A new emerging computing paradigm merges memory and processing units and does its computations using the physical properties of the machine. This next computer revolution, a new kind of hardware called processing-in-memory (PIM).

At Washington University in St. Louis, researchers from Xuan “Silvia” Zhang, associate professor in the Preston M. Green Department of Electrical & Systems Engineering at the McKelvey School of Engineering, have designed a new PIM circuit. It will bring the flexibility of neural networks to bear on PIM computing. The circuit can increase PIM computing’s performance by orders of magnitude beyond its current theoretical capabilities.

Their research was published online on Oct. 27 in the journal IEEE Transactions on Computers. The work collaborated with Li Jiang at Shanghai Jiao Tong University in China.

Traditionally designed computers are built using Von Neuman architecture. Here, data is stored in memory, and computing is performed in the processor. Both are separated units.

“Computing challenges today are data-intensive,” Zhang said. “We need to crunch tons of data, which creates a performance bottleneck at the interface of the processor and the memory.”

PIM computers aim to bypass this problem by merging the memory and the processing into one unit.

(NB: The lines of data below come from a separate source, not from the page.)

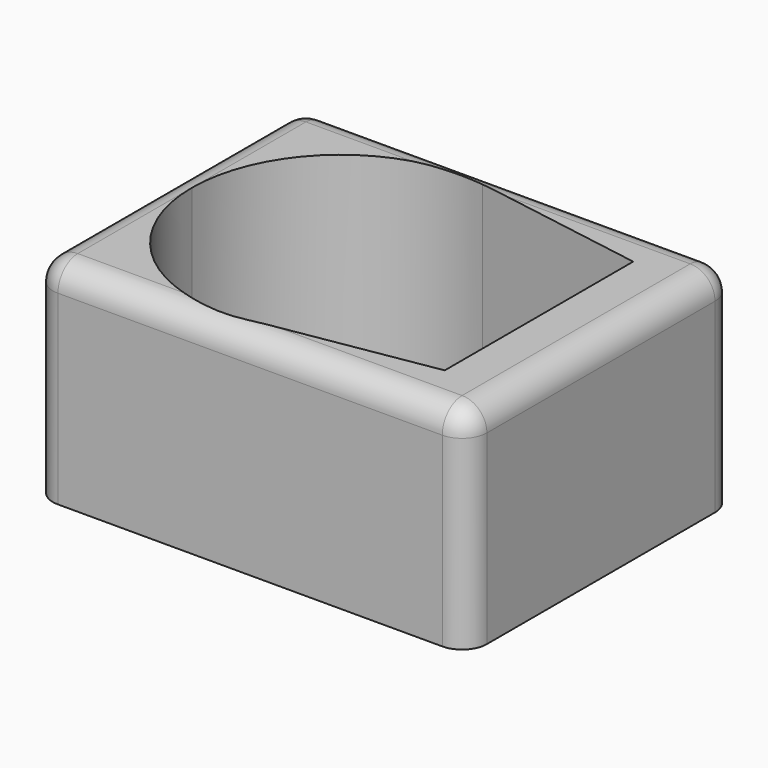
from build123d import *

# Parameters (mm, degrees)
F0_W         = 35
F0_H         = 27
F1_DEPTH     = 15
F2_DEPTH     = 2
F3_T1_DEPTH  = 20
F3_T3_DEPTH  = 23
F3_T5_DEPTH  = 31
F3_S9_W      = 2
F3_S9_H      = 2
F3_T10_DEPTH = 2
F3_S15_W     = 2
F3_S15_H     = 2
F3_T16_DEPTH = 2
F3_S21_W     = 2
F3_S21_H     = 2
F3_T22_DEPTH = 2
F3_S27_W     = 2
F3_S27_H     = 2
F3_T28_DEPTH = 2


# Not quite as in the source:
# - a fillet or chamfer that OpenCascade refuses, or shapes differently, is made with other operations: its cross-section is extruded or revolved along the edge and cut away or added


with BuildPart() as f1:
    # F0 (on Top) → F1 (new body)
    with BuildSketch(Plane.XY):
        with Locations((-13.2022674233, 7.6325895488)):
            Rectangle(F0_W, F0_H)
        with BuildLine():
            Line((-14.73041686, 19.4694728107), (-0.7022674233, 17.1325895488))
            Line((-0.7022674233, 17.1325895488), (-0.7022674233, 7.6325895488))
            Line((-0.7022674233, 7.6325895488), (-0.7022674233, -1.8674104512))
            Line((-0.7022674233, -1.8674104512), (-14.73041686, -4.2042937131))
            ThreePointArc((-14.73041686, -4.2042937131), (-24.4591286842, -1.5233431387), (-28.7022674233, 7.6325895488))
            ThreePointArc((-28.7022674233, 7.6325895488), (-24.4591286842, 16.7885222364), (-14.73041686, 19.4694728107))
        make_face(mode=Mode.SUBTRACT)
    extrude(amount=F1_DEPTH)

    # F0 (on Top) → F2 (join)
    with BuildSketch(Plane.XY):
        with Locations((-13.2022674233, 7.6325895488)):
            Rectangle(F0_W, F0_H)
        with BuildLine():
            Line((-14.73041686, 19.4694728107), (-0.7022674233, 17.1325895488))
            Line((-0.7022674233, 17.1325895488), (-0.7022674233, 7.6325895488))
            Line((-0.7022674233, 7.6325895488), (-0.7022674233, -1.8674104512))
            Line((-0.7022674233, -1.8674104512), (-14.73041686, -4.2042937131))
            ThreePointArc((-14.73041686, -4.2042937131), (-24.4591286842, -1.5233431387), (-28.7022674233, 7.6325895488))
            ThreePointArc((-28.7022674233, 7.6325895488), (-24.4591286842, 16.7885222364), (-14.73041686, 19.4694728107))
        make_face(mode=Mode.SUBTRACT)
        with BuildLine():
            ThreePointArc((-14.73041686, -4.2042937131), (-7.5463347357, -0.1242717121), (-4.7022674233, 7.6325895488))
            Line((-4.7022674233, 7.6325895488), (-28.7022674233, 7.6325895488))
            ThreePointArc((-28.7022674233, 7.6325895488), (-24.4591286842, -1.5233431387), (-14.73041686, -4.2042937131))
        make_face()
        with BuildLine():
            ThreePointArc((-4.7022674233, 7.6325895488), (-7.5463347357, 15.3894508097), (-14.73041686, 19.4694728107))
            ThreePointArc((-14.73041686, 19.4694728107), (-24.4591286842, 16.7885222364), (-28.7022674233, 7.6325895488))
            Line((-28.7022674233, 7.6325895488), (-4.7022674233, 7.6325895488))
        make_face()
        with BuildLine():
            Line((-0.7022674233, 7.6325895488), (-0.7022674233, 17.1325895488))
            Line((-0.7022674233, 17.1325895488), (-14.73041686, 19.4694728107))
            ThreePointArc((-14.73041686, 19.4694728107), (-7.5463347357, 15.3894508097), (-4.7022674233, 7.6325895488))
            Line((-4.7022674233, 7.6325895488), (-0.7022674233, 7.6325895488))
        make_face()
        with BuildLine():
            Line((-0.7022674233, -1.8674104512), (-0.7022674233, 7.6325895488))
            Line((-0.7022674233, 7.6325895488), (-4.7022674233, 7.6325895488))
            ThreePointArc((-4.7022674233, 7.6325895488), (-7.5463347357, -0.1242717121), (-14.73041686, -4.2042937131))
            Line((-14.73041686, -4.2042937131), (-0.7022674233, -1.8674104512))
        make_face()
    extrude(amount=-F2_DEPTH)

    # F3: fillet of radius 2 on 8 edges, made by hand

    # F3_s2 → F3_t1 (cut)
    with BuildSketch(Plane.XY.offset(-7)):
        with BuildLine():
            ThreePointArc((-30.7022674233, -3.8674104512), (-30.1164809856, -5.2816240135), (-28.7022674233, -5.8674104512))
            Line((-28.7022674233, -5.8674104512), (-30.7022674233, -5.8674104512))
            Line((-30.7022674233, -5.8674104512), (-30.7022674233, -3.8674104512))
        make_face()
        with BuildLine():
            ThreePointArc((-30.7022674233, 19.1325895488), (-30.1164809856, 20.5468031112), (-28.7022674233, 21.1325895488))
            Line((-28.7022674233, 21.1325895488), (-30.7022674233, 21.1325895488))
            Line((-30.7022674233, 21.1325895488), (-30.7022674233, 19.1325895488))
        make_face()
        with BuildLine():
            ThreePointArc((4.2977325767, -3.8674104512), (3.7119461391, -5.2816240135), (2.2977325767, -5.8674104512))
            Line((2.2977325767, -5.8674104512), (4.2977325767, -5.8674104512))
            Line((4.2977325767, -5.8674104512), (4.2977325767, -3.8674104512))
        make_face()
        with BuildLine():
            ThreePointArc((4.2977325767, 19.1325895488), (3.7119461391, 20.5468031112), (2.2977325767, 21.1325895488))
            Line((2.2977325767, 21.1325895488), (4.2977325767, 21.1325895488))
            Line((4.2977325767, 21.1325895488), (4.2977325767, 19.1325895488))
        make_face()
    extrude(amount=F3_T1_DEPTH, mode=Mode.SUBTRACT)

    # F3_s4 → F3_t3 (cut)
    with BuildSketch(Plane.XZ.offset(-19.1325895488)):
        with BuildLine():
            ThreePointArc((-30.7022674233, 13), (-30.1164809856, 14.4142135624), (-28.7022674233, 15))
            Line((-28.7022674233, 15), (-30.7022674233, 15))
            Line((-30.7022674233, 15), (-30.7022674233, 13))
        make_face()
        with BuildLine():
            ThreePointArc((4.2977325767, 13), (3.7119461391, 14.4142135624), (2.2977325767, 15))
            Line((2.2977325767, 15), (4.2977325767, 15))
            Line((4.2977325767, 15), (4.2977325767, 13))
        make_face()
    extrude(amount=F3_T3_DEPTH, mode=Mode.SUBTRACT)

    # F3_s6 → F3_t5 (cut)
    with BuildSketch(Plane.YZ.offset(-28.7022674233)):
        with BuildLine():
            ThreePointArc((21.1325895488, 13), (20.5468031112, 14.4142135624), (19.1325895488, 15))
            Line((19.1325895488, 15), (21.1325895488, 15))
            Line((21.1325895488, 15), (21.1325895488, 13))
        make_face()
        with BuildLine():
            ThreePointArc((-3.8674104512, 15), (-5.2816240135, 14.4142135624), (-5.8674104512, 13))
            Line((-5.8674104512, 13), (-5.8674104512, 15))
            Line((-5.8674104512, 15), (-3.8674104512, 15))
        make_face()
    extrude(amount=F3_T5_DEPTH, mode=Mode.SUBTRACT)


with BuildPart() as f3_tool8:
    # F3_s9 → F3_t10 (new body)
    with BuildSketch(Plane.YZ.offset(-28.7022674233)):
        with Locations((-4.8674104512, 14)):
            Rectangle(F3_S9_W, F3_S9_H)
    extrude(amount=-F3_T10_DEPTH)

    # F3_s11 → F3_t12 (revolve, cut)
    with BuildSketch(Plane(origin=(-28.7022674233, -3.8674104512, 13), x_dir=(0, 0.7071067812, -0.7071067812), z_dir=(0, 0.7071067812, 0.7071067812))):
        with BuildLine():
            ThreePointArc((0, -2), (2, 0), (0, 2))
            Line((0, 2), (0, -2))
        make_face()
    revolve(axis=Axis((-28.7022674233, -3.8674104512, 13), (-1, 0, 0)), mode=Mode.SUBTRACT)


with BuildPart() as f1_1:
    add(f1.part)

    # F3_t7: cut F3_tool8
    add(f3_tool8.part, mode=Mode.SUBTRACT)


with BuildPart() as f3_tool14:
    # F3_s15 → F3_t16 (new body)
    with BuildSketch(Plane.YZ.offset(-28.7022674233)):
        with Locations((20.1325895488, 14)):
            Rectangle(F3_S15_W, F3_S15_H)
    extrude(amount=-F3_T16_DEPTH)

    # F3_s17 → F3_t18 (revolve, cut)
    with BuildSketch(Plane(origin=(-28.7022674233, 19.1325895488, 13), x_dir=(0, -0.7071067812, -0.7071067812), z_dir=(0, 0.7071067812, -0.7071067812))):
        with BuildLine():
            ThreePointArc((0, -2), (2, 0), (0, 2))
            Line((0, 2), (0, -2))
        make_face()
    revolve(axis=Axis((-28.7022674233, 19.1325895488, 13), (-1, 0, 0)), mode=Mode.SUBTRACT)


with BuildPart() as f1_2:
    add(f1_1.part)

    # F3_t13: cut F3_tool14
    add(f3_tool14.part, mode=Mode.SUBTRACT)


with BuildPart() as f3_tool20:
    # F3_s21 → F3_t22 (new body)
    with BuildSketch(Plane.YZ.offset(2.2977325767)):
        with Locations((20.1325895488, 14)):
            Rectangle(F3_S21_W, F3_S21_H)
    extrude(amount=F3_T22_DEPTH)

    # F3_s23 → F3_t24 (revolve, cut)
    with BuildSketch(Plane(origin=(2.2977325767, 19.1325895488, 13), x_dir=(0, -0.7071067812, -0.7071067812), z_dir=(0, -0.7071067812, 0.7071067812))):
        with BuildLine():
            ThreePointArc((0, -2), (2, 0), (0, 2))
            Line((0, 2), (0, -2))
        make_face()
    revolve(axis=Axis((2.2977325767, 19.1325895488, 13), (1, 0, 0)), mode=Mode.SUBTRACT)


with BuildPart() as f1_3:
    add(f1_2.part)

    # F3_t19: cut F3_tool20
    add(f3_tool20.part, mode=Mode.SUBTRACT)


with BuildPart() as f3_tool26:
    # F3_s27 → F3_t28 (new body)
    with BuildSketch(Plane.YZ.offset(2.2977325767)):
        with Locations((-4.8674104512, 14)):
            Rectangle(F3_S27_W, F3_S27_H)
    extrude(amount=F3_T28_DEPTH)

    # F3_s29 → F3_t30 (revolve, cut)
    with BuildSketch(Plane(origin=(2.2977325767, -3.8674104512, 13), x_dir=(0, 0.7071067812, -0.7071067812), z_dir=(0, -0.7071067812, -0.7071067812))):
        with BuildLine():
            ThreePointArc((0, -2), (2, 0), (0, 2))
            Line((0, 2), (0, -2))
        make_face()
    revolve(axis=Axis((2.2977325767, -3.8674104512, 13), (1, 0, 0)), mode=Mode.SUBTRACT)


with BuildPart() as f1_4:
    add(f1_3.part)

    # F3_t25: cut F3_tool26
    add(f3_tool26.part, mode=Mode.SUBTRACT)


solid = f1_4.part
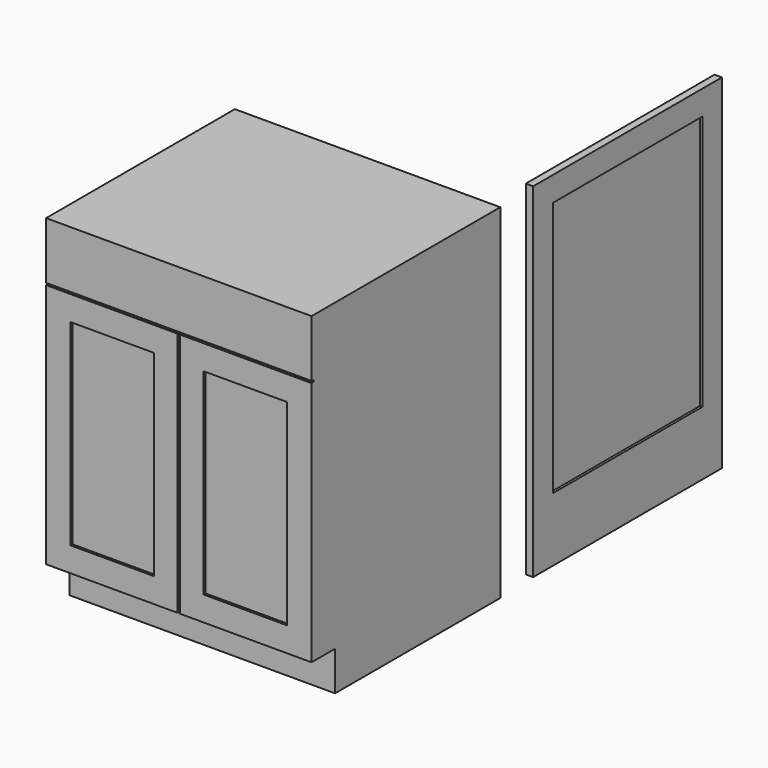
from build123d import *

# Parameters (mm, degrees)
F0_W     = 3.175
F0_H     = 635
F0_W_2   = 339.725
F0_W_3   = 215.9
F0_H_2   = 508
F0_W_4   = 342.9
F0_H_3   = 147.32
F1_DEPTH = 609.6
F2_DEPTH = 6.35
F3_DEPTH = 76.2
F4_W     = 609.6
F4_H     = 889
F4_W_2   = 482.6
F4_H_2   = 660.4
F5_DEPTH = 19.05
F6_DEPTH = 12.7


with BuildPart() as f1:
    # F0 (on Front) → F1 (new body)
    with BuildSketch(Plane.XZ):
        Polygon((227.9072425127, -101.6), (227.9072425127, 0), (224.7322425127, 0), (-114.9927574873, 0), (-114.9927574873, -101.6), align=None)
        with Locations((226.3197425127, 317.5)):
            Rectangle(F0_W, F0_H)
        Polygon((231.0822425127, 0), (227.9072425127, 0), (227.9072425127, -101.6), (570.8072425127, -101.6), (570.8072425127, 0), align=None)
        with Locations((229.4947425127, 317.5)):
            Rectangle(F0_W, F0_H)
        with Locations((54.8697425127, 317.5)):
            Rectangle(F0_W_2, F0_H)
        with Locations((56.4572425127, 317.5)):
            Rectangle(F0_W_3, F0_H_2, mode=Mode.SUBTRACT)
        Polygon((224.7322425127, 635), (227.9072425127, 635), (227.9072425127, 640.08), (-114.9927574873, 640.08), (-114.9927574873, 635), align=None)
        Polygon((227.9072425127, 640.08), (227.9072425127, 635), (231.0822425127, 635), (570.8072425127, 635), (570.8072425127, 640.08), align=None)
        with Locations((400.9447425127, 317.5)):
            Rectangle(F0_W_2, F0_H)
        with Locations((399.3572425127, 317.5)):
            Rectangle(F0_W_3, F0_H_2, mode=Mode.SUBTRACT)
        with Locations((56.4572425127, 713.74)):
            Rectangle(F0_W_4, F0_H_3)
        with Locations((399.3572425127, 713.74)):
            Rectangle(F0_W_4, F0_H_3)
        with Locations((56.4572425127, 317.5)):
            Rectangle(F0_W_3, F0_H_2)
        with Locations((399.3572425127, 317.5)):
            Rectangle(F0_W_3, F0_H_2)
    extrude(amount=-F1_DEPTH)

    # F0 (on Front) → F2 (cut)
    with BuildSketch(Plane.XZ):
        with Locations((226.3197425127, 317.5)):
            Rectangle(F0_W, F0_H)
        with Locations((229.4947425127, 317.5)):
            Rectangle(F0_W, F0_H)
        Polygon((224.7322425127, 635), (227.9072425127, 635), (227.9072425127, 640.08), (-114.9927574873, 640.08), (-114.9927574873, 635), align=None)
        Polygon((227.9072425127, 640.08), (227.9072425127, 635), (231.0822425127, 635), (570.8072425127, 635), (570.8072425127, 640.08), align=None)
        with Locations((56.4572425127, 317.5)):
            Rectangle(F0_W_3, F0_H_2)
        with Locations((399.3572425127, 317.5)):
            Rectangle(F0_W_3, F0_H_2)
    extrude(amount=-F2_DEPTH, mode=Mode.SUBTRACT)

    # F0 (on Front) → F3 (cut)
    with BuildSketch(Plane.XZ):
        Polygon((227.9072425127, -101.6), (227.9072425127, 0), (224.7322425127, 0), (-114.9927574873, 0), (-114.9927574873, -101.6), align=None)
        Polygon((231.0822425127, 0), (227.9072425127, 0), (227.9072425127, -101.6), (570.8072425127, -101.6), (570.8072425127, 0), align=None)
    extrude(amount=-F3_DEPTH, mode=Mode.SUBTRACT)


with BuildPart() as f5:
    # F4 (on face) → F5 (new body)
    with BuildSketch(Plane.YZ.offset(570.8072425127)):
        with Locations((996.8526720047, 363.0936748981)):
            Rectangle(F4_W, F4_H)
        with Locations((996.8526720047, 413.8936748981)):
            Rectangle(F4_W_2, F4_H_2, mode=Mode.SUBTRACT)
    extrude(amount=F5_DEPTH)

    # F4 (on face) → F6 (join)
    with BuildSketch(Plane.YZ.offset(570.8072425127)):
        with Locations((996.8526720047, 413.8936748981)):
            Rectangle(F4_W_2, F4_H_2)
    extrude(amount=F6_DEPTH)


solid = Compound([f1.part, f5.part])

Computing, especially computing for today’s machine-learning algorithms, is highly complex. Traditional digital CPU (central processing unit) works on transistors, basically voltage gates. They represent two states, 1 and 0. Using this digital code, traditional computers can do all of the arithmetic.

The kind of PIM Zhang’s lab is working on is called resistive random-access memory PIM, or RRAM-PIM. In CPUs, bits are stored in a capacitor in a memory cell, and in RRAM-PIM, computers rely on resistors. These resistors work as both the memory and processor.

The bonus? “In resistive memory, you do not have to translate to digital, or binary. You can remain in the analog domain.” This is the key to making RRAM-PIM computers so much more efficient.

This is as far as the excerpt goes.